**What needs to be done:** Using the records below, transcribe word for word the stretch from the line that contains "#5617 = VERTEX_POINT ( 'NONE', #9369 ) ;" through the line that contains "#7341 = VERTEX_POINT ( 'NONE', #2829 ) ;", both end lines included, and nothing else.

——————

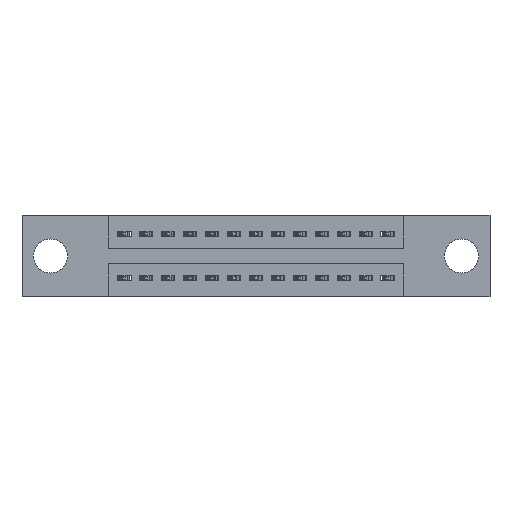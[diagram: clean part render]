
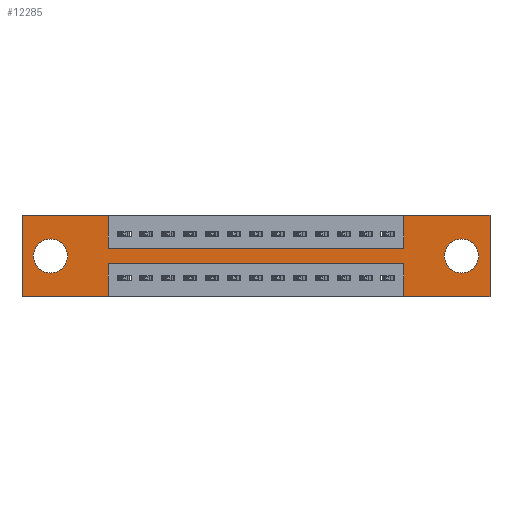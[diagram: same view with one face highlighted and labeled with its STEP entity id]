
A CAD part, front view. The second image highlights one B-rep face of the part: STEP entity #12285.
In plain terms, the highlighted planar face has unit normal (0, -1, 0).
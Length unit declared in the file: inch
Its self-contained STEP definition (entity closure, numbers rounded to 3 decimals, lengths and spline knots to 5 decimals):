
#157 = CARTESIAN_POINT ( 'NONE',  ( 0.13, 0., -0.185 ) ) ;
#213 = DIRECTION ( 'NONE',  ( 0., 0., 1. ) ) ;
#350 = DIRECTION ( 'NONE',  ( 0., 0., 1. ) ) ;
#573 = CARTESIAN_POINT ( 'NONE',  ( 0., 0., -0.37 ) ) ;
#646 = VERTEX_POINT ( 'NONE', #13337 ) ;
#663 = EDGE_LOOP ( 'NONE', ( #10200, #10763 ) ) ;
#757 = VERTEX_POINT ( 'NONE', #2731 ) ;
#815 = CIRCLE ( 'NONE', #1541, 0.078 ) ;
#1040 = VERTEX_POINT ( 'NONE', #2979 ) ;
#1123 = AXIS2_PLACEMENT_3D ( 'NONE', #8008, #5662, #13254 ) ;
#1153 = CARTESIAN_POINT ( 'NONE',  ( 0.13, 0., -0.263 ) ) ;
#1243 = VERTEX_POINT ( 'NONE', #12600 ) ;
#1342 = CARTESIAN_POINT ( 'NONE',  ( 2.005, 0., -0.107 ) ) ;
#1541 = AXIS2_PLACEMENT_3D ( 'NONE', #9302, #7156, #6159 ) ;
#1707 = VERTEX_POINT ( 'NONE', #1862 ) ;
#1862 = CARTESIAN_POINT ( 'NONE',  ( 1.7425, 0., 0. ) ) ;
#2085 = CARTESIAN_POINT ( 'NONE',  ( 0.3925, 0., -0.22 ) ) ;
#2086 = LINE ( 'NONE', #6460, #12277 ) ;
#2338 = EDGE_CURVE ( 'NONE', #1243, #13783, #4660, .T. ) ;
#2400 = CIRCLE ( 'NONE', #11887, 0.078 ) ;
#2403 = ORIENTED_EDGE ( 'NONE', *, *, #7842, .T. ) ;
#2462 = EDGE_CURVE ( 'NONE', #13783, #7065, #8454, .T. ) ;
#2612 = EDGE_CURVE ( 'NONE', #757, #5617, #5345, .T. ) ;
#2680 = DIRECTION ( 'NONE',  ( 0., 0., -1. ) ) ;
#2731 = CARTESIAN_POINT ( 'NONE',  ( 0., 0., 0. ) ) ;
#2814 = CIRCLE ( 'NONE', #1123, 0.078 ) ;
#2829 = CARTESIAN_POINT ( 'NONE',  ( 2.005, 0., -0.263 ) ) ;
#2979 = CARTESIAN_POINT ( 'NONE',  ( 0., 0., -0.37 ) ) ;
#3466 = LINE ( 'NONE', #12305, #7570 ) ;
#3491 = DIRECTION ( 'NONE',  ( 0., 1., 0. ) ) ;
#3733 = VERTEX_POINT ( 'NONE', #9748 ) ;
#3774 = LINE ( 'NONE', #9071, #7021 ) ;
#3852 = EDGE_CURVE ( 'NONE', #7341, #8329, #2400, .T. ) ;
#3868 = LINE ( 'NONE', #11114, #4206 ) ;
#4054 = EDGE_CURVE ( 'NONE', #13109, #1040, #3774, .T. ) ;
#4206 = VECTOR ( 'NONE', #6952, 39.37008 ) ;
#4233 = EDGE_LOOP ( 'NONE', ( #10802, #12517, #9335, #12495, #11025, #13515, #8532, #4974, #8897, #6070, #8549, #7225 ) ) ;
#4319 = FACE_OUTER_BOUND ( 'NONE', #4233, .T. ) ;
#4348 = VERTEX_POINT ( 'NONE', #6361 ) ;
#4456 = DIRECTION ( 'NONE',  ( 0., 0., -1. ) ) ;
#4477 = FACE_BOUND ( 'NONE', #12258, .T. ) ;
#4660 = LINE ( 'NONE', #6694, #10984 ) ;
#4974 = ORIENTED_EDGE ( 'NONE', *, *, #7224, .F. ) ;
#5113 = CARTESIAN_POINT ( 'NONE',  ( 0.13, 0., -0.107 ) ) ;
#5170 = VERTEX_POINT ( 'NONE', #5113 ) ;
#5177 = LINE ( 'NONE', #9763, #10653 ) ;
#5196 = VERTEX_POINT ( 'NONE', #1153 ) ;
#5345 = LINE ( 'NONE', #8727, #10477 ) ;
#5410 = CARTESIAN_POINT ( 'NONE',  ( 0., 0., 0. ) ) ;
#5520 = VECTOR ( 'NONE', #8417, 39.37008 ) ;
#5617 = VERTEX_POINT ( 'NONE', #9369 ) ;
#5621 = PLANE ( 'NONE',  #13713 ) ;
#5630 = DIRECTION ( 'NONE',  ( 0., 0., -1. ) ) ;
#5662 = DIRECTION ( 'NONE',  ( 0., 1., 0. ) ) ;
#5731 = LINE ( 'NONE', #7212, #9500 ) ;
#6017 = EDGE_CURVE ( 'NONE', #3733, #9905, #14128, .T. ) ;
#6070 = ORIENTED_EDGE ( 'NONE', *, *, #2612, .F. ) ;
#6159 = DIRECTION ( 'NONE',  ( 0., 0., -1. ) ) ;
#6361 = CARTESIAN_POINT ( 'NONE',  ( 1.7425, 0., -0.15 ) ) ;
#6460 = CARTESIAN_POINT ( 'NONE',  ( 0.3925, 0., 0. ) ) ;
#6477 = EDGE_CURVE ( 'NONE', #8329, #7341, #815, .T. ) ;
#6509 = DIRECTION ( 'NONE',  ( 1., 0., 0. ) ) ;
#6539 = DIRECTION ( 'NONE',  ( 1., 0., 0. ) ) ;
#6694 = CARTESIAN_POINT ( 'NONE',  ( 2.135, 0., 0. ) ) ;
#6782 = DIRECTION ( 'NONE',  ( -1., 0., 0. ) ) ;
#6952 = DIRECTION ( 'NONE',  ( 1., 0., 0. ) ) ;
#7021 = VECTOR ( 'NONE', #6782, 39.37008 ) ;
#7065 = VERTEX_POINT ( 'NONE', #8261 ) ;
#7156 = DIRECTION ( 'NONE',  ( 0., 1., 0. ) ) ;
#7212 = CARTESIAN_POINT ( 'NONE',  ( 1.7425, 0., 0. ) ) ;
#7224 = EDGE_CURVE ( 'NONE', #646, #4348, #3868, .T. ) ;
#7225 = ORIENTED_EDGE ( 'NONE', *, *, #4054, .F. ) ;
#7341 = VERTEX_POINT ( 'NONE', #2829 ) ;
#7570 = VECTOR ( 'NONE', #350, 39.37008 ) ;
#7782 = EDGE_CURVE ( 'NONE', #9905, #13109, #8976, .T. ) ;
#7842 = EDGE_CURVE ( 'NONE', #5170, #5196, #12003, .T. ) ;
#8008 = CARTESIAN_POINT ( 'NONE',  ( 0.13, 0., -0.185 ) ) ;
#8261 = CARTESIAN_POINT ( 'NONE',  ( 1.7425, 0., -0.37 ) ) ;
#8329 = VERTEX_POINT ( 'NONE', #1342 ) ;
#8417 = DIRECTION ( 'NONE',  ( -1., 0., 0. ) ) ;
#8454 = LINE ( 'NONE', #573, #5520 ) ;
#8474 = VECTOR ( 'NONE', #2680, 39.37008 ) ;
#8532 = ORIENTED_EDGE ( 'NONE', *, *, #11310, .F. ) ;
#8549 = ORIENTED_EDGE ( 'NONE', *, *, #9837, .F. ) ;
#8638 = CARTESIAN_POINT ( 'NONE',  ( 2.135, 0., -0.37 ) ) ;
#8727 = CARTESIAN_POINT ( 'NONE',  ( 0., 0., 0. ) ) ;
#8828 = CARTESIAN_POINT ( 'NONE',  ( 0., 0., -0.37 ) ) ;
#8897 = ORIENTED_EDGE ( 'NONE', *, *, #10529, .F. ) ;
#8976 = LINE ( 'NONE', #12419, #8474 ) ;
#9071 = CARTESIAN_POINT ( 'NONE',  ( 0., 0., -0.37 ) ) ;
#9302 = CARTESIAN_POINT ( 'NONE',  ( 2.005, 0., -0.185 ) ) ;
#9335 = ORIENTED_EDGE ( 'NONE', *, *, #13623, .F. ) ;
#9369 = CARTESIAN_POINT ( 'NONE',  ( 0.3925, 0., 0. ) ) ;
#9500 = VECTOR ( 'NONE', #9554, 39.37008 ) ;
#9514 = VECTOR ( 'NONE', #6509, 39.37008 ) ;
#9554 = DIRECTION ( 'NONE',  ( 0., 0., 1. ) ) ;
#9748 = CARTESIAN_POINT ( 'NONE',  ( 1.7425, 0., -0.22 ) ) ;
#9763 = CARTESIAN_POINT ( 'NONE',  ( 0., 0., 0. ) ) ;
#9837 = EDGE_CURVE ( 'NONE', #1040, #757, #5177, .T. ) ;
#9848 = LINE ( 'NONE', #5410, #9514 ) ;
#9850 = DIRECTION ( 'NONE',  ( 0., 1., 0. ) ) ;
#9890 = VECTOR ( 'NONE', #11237, 39.37008 ) ;
#9905 = VERTEX_POINT ( 'NONE', #2085 ) ;
#9946 = CARTESIAN_POINT ( 'NONE',  ( 2.005, 0., -0.185 ) ) ;
#10082 = CARTESIAN_POINT ( 'NONE',  ( 0.3925, 0., -0.22 ) ) ;
#10200 = ORIENTED_EDGE ( 'NONE', *, *, #6477, .T. ) ;
#10477 = VECTOR ( 'NONE', #6539, 39.37008 ) ;
#10529 = EDGE_CURVE ( 'NONE', #5617, #646, #2086, .T. ) ;
#10653 = VECTOR ( 'NONE', #13884, 39.37008 ) ;
#10763 = ORIENTED_EDGE ( 'NONE', *, *, #3852, .T. ) ;
#10802 = ORIENTED_EDGE ( 'NONE', *, *, #7782, .F. ) ;
#10923 = EDGE_CURVE ( 'NONE', #1707, #1243, #9848, .T. ) ;
#10984 = VECTOR ( 'NONE', #12040, 39.37008 ) ;
#11025 = ORIENTED_EDGE ( 'NONE', *, *, #2338, .F. ) ;
#11053 = DIRECTION ( 'NONE',  ( 0., -1., 0. ) ) ;
#11114 = CARTESIAN_POINT ( 'NONE',  ( 0.3925, 0., -0.15 ) ) ;
#11237 = DIRECTION ( 'NONE',  ( -1., 0., 0. ) ) ;
#11310 = EDGE_CURVE ( 'NONE', #4348, #1707, #5731, .T. ) ;
#11605 = EDGE_CURVE ( 'NONE', #5196, #5170, #2814, .T. ) ;
#11765 = DIRECTION ( 'NONE',  ( 0., 0., -1. ) ) ;
#11887 = AXIS2_PLACEMENT_3D ( 'NONE', #9946, #9850, #5630 ) ;
#12003 = CIRCLE ( 'NONE', #12196, 0.078 ) ;
#12040 = DIRECTION ( 'NONE',  ( 0., 0., -1. ) ) ;
#12196 = AXIS2_PLACEMENT_3D ( 'NONE', #157, #3491, #213 ) ;
#12258 = EDGE_LOOP ( 'NONE', ( #2403, #13814 ) ) ;
#12277 = VECTOR ( 'NONE', #11765, 39.37008 ) ;
#12285 = ADVANCED_FACE ( 'NONE', ( #12671, #4477, #4319 ), #5621, .T. ) ;
#12305 = CARTESIAN_POINT ( 'NONE',  ( 1.7425, 0., -0.37 ) ) ;
#12419 = CARTESIAN_POINT ( 'NONE',  ( 0.3925, 0., -0.37 ) ) ;
#12495 = ORIENTED_EDGE ( 'NONE', *, *, #2462, .F. ) ;
#12517 = ORIENTED_EDGE ( 'NONE', *, *, #6017, .F. ) ;
#12600 = CARTESIAN_POINT ( 'NONE',  ( 2.135, 0., 0. ) ) ;
#12671 = FACE_BOUND ( 'NONE', #663, .T. ) ;
#13109 = VERTEX_POINT ( 'NONE', #13195 ) ;
#13195 = CARTESIAN_POINT ( 'NONE',  ( 0.3925, 0., -0.37 ) ) ;
#13254 = DIRECTION ( 'NONE',  ( 0., 0., 1. ) ) ;
#13337 = CARTESIAN_POINT ( 'NONE',  ( 0.3925, 0., -0.15 ) ) ;
#13515 = ORIENTED_EDGE ( 'NONE', *, *, #10923, .F. ) ;
#13623 = EDGE_CURVE ( 'NONE', #7065, #3733, #3466, .T. ) ;
#13713 = AXIS2_PLACEMENT_3D ( 'NONE', #8828, #11053, #4456 ) ;
#13783 = VERTEX_POINT ( 'NONE', #8638 ) ;
#13814 = ORIENTED_EDGE ( 'NONE', *, *, #11605, .T. ) ;
#13884 = DIRECTION ( 'NONE',  ( 0., 0., 1. ) ) ;
#14128 = LINE ( 'NONE', #10082, #9890 ) ;

——————

**Exercise solution:**
#5617 = VERTEX_POINT ( 'NONE', #9369 ) ;
#5621 = PLANE ( 'NONE',  #13713 ) ;
#5630 = DIRECTION ( 'NONE',  ( 0., 0., -1. ) ) ;
#5662 = DIRECTION ( 'NONE',  ( 0., 1., 0. ) ) ;
#5731 = LINE ( 'NONE', #7212, #9500 ) ;
#6017 = EDGE_CURVE ( 'NONE', #3733, #9905, #14128, .T. ) ;
#6070 = ORIENTED_EDGE ( 'NONE', *, *, #2612, .F. ) ;
#6159 = DIRECTION ( 'NONE',  ( 0., 0., -1. ) ) ;
#6361 = CARTESIAN_POINT ( 'NONE',  ( 1.7425, 0., -0.15 ) ) ;
#6460 = CARTESIAN_POINT ( 'NONE',  ( 0.3925, 0., 0. ) ) ;
#6477 = EDGE_CURVE ( 'NONE', #8329, #7341, #815, .T. ) ;
#6509 = DIRECTION ( 'NONE',  ( 1., 0., 0. ) ) ;
#6539 = DIRECTION ( 'NONE',  ( 1., 0., 0. ) ) ;
#6694 = CARTESIAN_POINT ( 'NONE',  ( 2.135, 0., 0. ) ) ;
#6782 = DIRECTION ( 'NONE',  ( -1., 0., 0. ) ) ;
#6952 = DIRECTION ( 'NONE',  ( 1., 0., 0. ) ) ;
#7021 = VECTOR ( 'NONE', #6782, 39.37008 ) ;
#7065 = VERTEX_POINT ( 'NONE', #8261 ) ;
#7156 = DIRECTION ( 'NONE',  ( 0., 1., 0. ) ) ;
#7212 = CARTESIAN_POINT ( 'NONE',  ( 1.7425, 0., 0. ) ) ;
#7224 = EDGE_CURVE ( 'NONE', #646, #4348, #3868, .T. ) ;
#7225 = ORIENTED_EDGE ( 'NONE', *, *, #4054, .F. ) ;
#7341 = VERTEX_POINT ( 'NONE', #2829 ) ;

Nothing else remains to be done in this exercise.